Hi, this is all new to me! Just browsing the web to waste some time during my 2ww and came across this site, how FAB  It's so reassuring to know  I'm not the only one feeling like this and there are loads of you out there who feel the same!
We are on our second IVF attempt and on day 11 of 2ww and I can safely say its RUBBISH!!!!! The time is dragging (i have the 2 weeks off work) and as each day passes I become more nervous and spend half my day in the loo 'just checking'!
Would love to hear from others in the same situation.


----------



## ☼♥ Minxy ♥☼ © (Jan 13, 2005)

Hi & welcome to FF 

You'll find lots of support and advise on this website so you've definitely come the right place 

Sorry that you're having to go down the IVF route for a second time....but fingers crossed that you won't have to visit it again ! 

There's a board specifically for ladies in their 2ww...

http://www.fertilityfriends.co.uk/forum/index.php?board=27.0

and on that board there's also a thread for ladies who are in their 2ww after having treatment so perhaps you'd like to join others who are going through exactly the same anxieties and concerns that you are (the 2ww is horrible isn't it....I'm right there with you as had ET on Monday !)

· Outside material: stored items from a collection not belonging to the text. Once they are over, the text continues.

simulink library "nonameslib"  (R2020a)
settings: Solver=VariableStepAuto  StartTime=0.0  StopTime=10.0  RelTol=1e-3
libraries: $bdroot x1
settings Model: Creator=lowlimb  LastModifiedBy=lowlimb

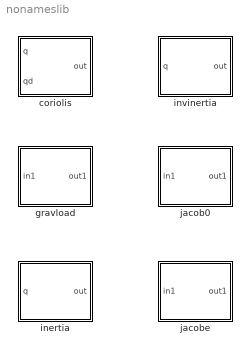
== system nonameslib ==
  coriolis : Subsystem
  gravload : MATLAB Function  TreatAsAtomicUnit=on
  inertia : Subsystem
  invinertia : Subsystem
  jacob0 : MATLAB Function  TreatAsAtomicUnit=on
  jacobe : MATLAB Function  TreatAsAtomicUnit=on

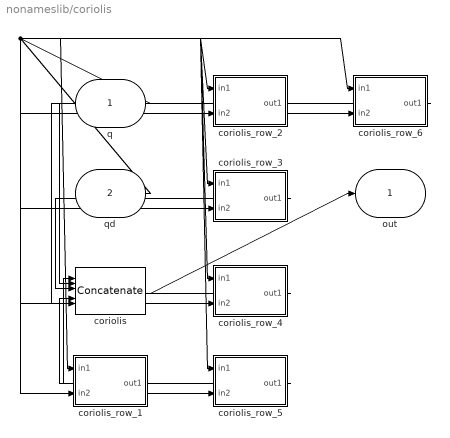
== system nonameslib/coriolis ==
  q : Inport
  qd : Inport  Port=2
  coriolis : Concatenate  NumInputs=6  Mode=Multidimensional array
  coriolis_row_1 : MATLAB Function  TreatAsAtomicUnit=on
  coriolis_row_2 : MATLAB Function  TreatAsAtomicUnit=on
  coriolis_row_3 : MATLAB Function  TreatAsAtomicUnit=on
  coriolis_row_4 : MATLAB Function  TreatAsAtomicUnit=on
  coriolis_row_5 : MATLAB Function  TreatAsAtomicUnit=on
  coriolis_row_6 : MATLAB Function  TreatAsAtomicUnit=on
  out : Outport
  wires:
  coriolis/1 -> out/1
  coriolis_row_1/1(out1) -> coriolis/1
  q/1 -> coriolis_row_1/1(in1), coriolis_row_2/1(in1), coriolis_row_3/1(in1), coriolis_row_4/1(in1), coriolis_row_5/1(in1), coriolis_row_6/1(in1)
  qd/1 -> coriolis_row_1/2(in2), coriolis_row_2/2(in2), coriolis_row_3/2(in2), coriolis_row_4/2(in2), coriolis_row_5/2(in2), coriolis_row_6/2(in2)
  coriolis_row_2/1(out1) -> coriolis/2
  coriolis_row_3/1(out1) -> coriolis/3
  coriolis_row_4/1(out1) -> coriolis/4
  coriolis_row_5/1(out1) -> coriolis/5
  coriolis_row_6/1(out1) -> coriolis/6

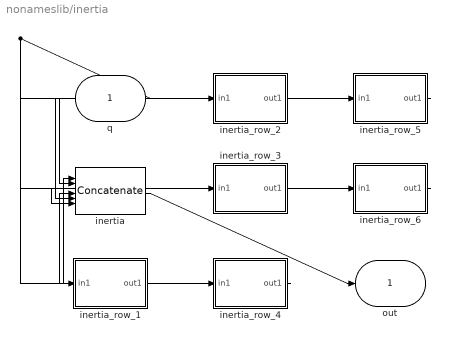
== system nonameslib/inertia ==
  q : Inport
  inertia : Concatenate  NumInputs=6  Mode=Multidimensional array
  inertia_row_1 : MATLAB Function  TreatAsAtomicUnit=on
  inertia_row_2 : MATLAB Function  TreatAsAtomicUnit=on
  inertia_row_3 : MATLAB Function  TreatAsAtomicUnit=on
  inertia_row_4 : MATLAB Function  TreatAsAtomicUnit=on
  inertia_row_5 : MATLAB Function  TreatAsAtomicUnit=on
  inertia_row_6 : MATLAB Function  TreatAsAtomicUnit=on
  out : Outport
  wires:
  inertia/1 -> out/1
  inertia_row_1/1(out1) -> inertia/1
  q/1 -> inertia_row_1/1(in1), inertia_row_2/1(in1), inertia_row_3/1(in1), inertia_row_4/1(in1), inertia_row_5/1(in1), inertia_row_6/1(in1)
  inertia_row_2/1(out1) -> inertia/2
  inertia_row_3/1(out1) -> inertia/3
  inertia_row_4/1(out1) -> inertia/4
  inertia_row_5/1(out1) -> inertia/5
  inertia_row_6/1(out1) -> inertia/6

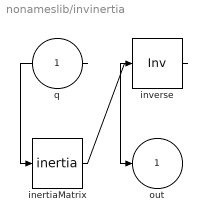
== system nonameslib/invinertia ==
  q : Inport
  inertiaMatrix : $bdroot/inertia  SystemSampleTime=-1  Latency=0  AutoFrameSizeCalculation=off
  inverse : Product  Inputs=/  Multiplication=Matrix(*)
  out : Outport
  wires:
  q/1 -> inertiaMatrix/1
  inertiaMatrix/1 -> inverse/1
  inverse/1 -> out/1

== matlab function nonameslib/inertia/inertia_row_6 ==
  data: in1 input; out1 output
function out1 = inertia_row_6(in1)
%#codegen

%    This function was generated by the Symbolic Math Toolbox version 8.5.
%    25-Apr-2020 14:33:48

q2 = in1(:,2);
q3 = in1(:,3);
q4 = in1(:,4);
q5 = in1(:,5);
q6 = in1(:,6);
t2 = cos(q3);
t3 = cos(q4);
t4 = cos(q5);
t5 = cos(q6);
t6 = sin(q3);
t7 = sin(q4);
t8 = sin(q5);
t9 = sin(q6);
t10 = t4.*t5.*1.365e-1;
t11 = t4.*t5.*5.46e-2;
t12 = t4.*t9.*1.365e-1;
t13 = t5.*t8.*1.365e-1;
t14 = t8.*t9.*1.365e-1;
t15 = t8.*t9.*5.46e-2;
t18 = t5.*3.549e-2;
t16 = -t14;
t17 = -t15;
t19 = t12+t13;
t20 = t10+t16;
t21 = t3.*t19;
t22 = t7.*t19;
t26 = t11+t17+t18+1.7745e-2;
t23 = t3.*t20;
t24 = t7.*t20;
t25 = -t22;
t27 = t21+t24;
t28 = t23+t25;
t31 = t2.*(t22-t23).*(-2.0./5.0);
t29 = t6.*t27.*(2.0./5.0);
t30 = -t29;
out1 = [t26+t30+t31-cos(q2).*(t6.*t27+t2.*(t22-t23)).*(4.3e+1./1.0e+2)-sin(q2).*(t2.*t27-t6.*(t22-t23)).*(4.3e+1./1.0e+2),t26+t30+t31,t26,t26,t18+1.7745e-2,1.7745e-2];

== matlab function nonameslib/coriolis/coriolis_row_6 ==
  data: in1 input; out1 output; in2 input
function out1 = coriolis_row_6(in1,in2)
%#codegen

%    This function was generated by the Symbolic Math Toolbox version 8.5.
%    28-Apr-2020 10:49:10

q2 = in1(:,2);
q3 = in1(:,3);
q4 = in1(:,4);
q5 = in1(:,5);
q6 = in1(:,6);
qd1 = in2(:,1);
qd2 = in2(:,2);
qd3 = in2(:,3);
qd4 = in2(:,4);
qd5 = in2(:,5);
t2 = sin(q6);
t3 = q5+q6;
t4 = sin(t3);
t5 = q3+q4+t3;
t11 = qd1.*t2.*3.549e-2;
t12 = qd2.*t2.*3.549e-2;
t13 = qd3.*t2.*3.549e-2;
t14 = qd4.*t2.*3.549e-2;
t15 = qd5.*t2.*3.549e-2;
t6 = sin(t5);
t7 = qd1.*t4.*5.46e-2;
t8 = qd2.*t4.*5.46e-2;
t9 = qd3.*t4.*5.46e-2;
t10 = qd4.*t4.*5.46e-2;
t16 = qd1.*t6.*5.46e-2;
t17 = qd2.*t6.*5.46e-2;
t18 = t7+t8+t9+t10+t11+t12+t13+t14+t15;
out1 = [t16+t17+t18+qd1.*sin(q2+t5).*5.8695e-2,t16+t17+t18,t18,t18,t2.*(qd1+qd2+qd3+qd4+qd5).*3.549e-2,0.0];

== matlab function nonameslib/inertia/inertia_row_1 ==
  data: in1 input; out1 output
function out1 = inertia_row_1(in1)
%#codegen

%    This function was generated by the Symbolic Math Toolbox version 8.5.
%    25-Apr-2020 14:04:22

q2 = in1(:,2);
q3 = in1(:,3);
q4 = in1(:,4);
q5 = in1(:,5);
q6 = in1(:,6);
t2 = cos(q2);
t3 = cos(q3);
t4 = cos(q4);
t5 = cos(q5);
t6 = cos(q6);
t7 = sin(q2);
t8 = sin(q3);
t9 = sin(q4);
t10 = sin(q5);
t11 = sin(q6);
t12 = t2.*(4.3e+1./1.0e+2);
t13 = t3.*t7.*(4.3e+1./1.0e+2);
t14 = t7.*t8.*(4.3e+1./1.0e+2);
t18 = t3.*t7.*1.75139e+1;
t19 = t7.*t8.*1.75139e+1;
t20 = t2.*7.68453e-1;
t22 = t7.*t8.*5.079031;
t15 = t12+2.0./5.0;
t23 = -t22;
t16 = t3.*t15;
t17 = t8.*t15;
t21 = -t16;
t24 = t16.*4.073e+1;
t25 = t17.*4.073e+1;
t27 = t13+t17;
t28 = t16.*1.18117e+1;
t26 = -t24;
t29 = t14+t21;
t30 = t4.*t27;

http://www.fertilityfriends.co.uk/forum/index.php?topic=135078.435

Wishing you lots of luck
Natasha


----------



## Katherine 3 (Apr 4, 2008)

Hi Red Shoes and welcome - isn't this a brilliant website!  .  I've had two goes of IVF as well and have to say the second time round, the 2ww was hideous!  You've just go to try and stay relaxed and not get yourself worked up - I know easier said than done really!  .  Get into a good book, watch some movies you've been dying to for ages, put your Ipod on and go for a gentle walk, just look after yourself and try not to stress.  And surely there's better ways to spend half your day than in the loo!!   .  But I did the same thing  .  We're starting our third go towards the end of May so fingers crossed! .  Best of luck for your test day and do let us know how you get on (only if you want to though).    Wishing you so much luck and lots of happy thoughts    - lots of love Katherine xxxx


----------



## emsy25 (Mar 18, 2005)

Hi Red Shoes,

Just wanted to say hello and welcome to the site  .  Good luck for test day   .

Emma
x x x x


----------



## Red Shoes (Apr 16, 2008)

Thanks to everyone who replied, the support really helps.  Trying to be more positive today, the sun is shining and that always helps 
I spoke to a friend last night who has 7 attempts at IVF and it really puts things in prospective, she gave me a boost just by talking to someone who has been there! Only tomorrow to get through then it's test day 
My lighthearted summary on the 2ww: 

1. I know what all the celebrities are doing, what's in fashion, what's not ~ thanks to endless supplies of magazines
2. My day is planned around daytime TV!
3. I have the most immaculate nails
4.bum ache ~ from sitting on the sofa all day
5. Doing the things I haven't done for years ~ the best being a tacky 1000 piece jigsaw puzzle! I would have never dreamt of doing one, but it's actually ok 

I would love to hear what you have all been doing 

xxxxxx


----------



## ☼♥ Minxy ♥☼ © (Jan 13, 2005)

Hi

Glad to hear you're doing ok and have managed to get through the 2ww without going too 

You know, I keep thinking of doing a jigsaw...I must've been around 7 or so when I last did one...just one of those things to take your mind off all possible symptoms 

I'm only at start of 2ww (3dpt5dt ~ 3 days past a 5 day transfer) and I'm back at work....only had some time off from EC onwards as needed to rest up, then back to work straight away (day after ET).....so that's keeping me occupied...and on FF of course !!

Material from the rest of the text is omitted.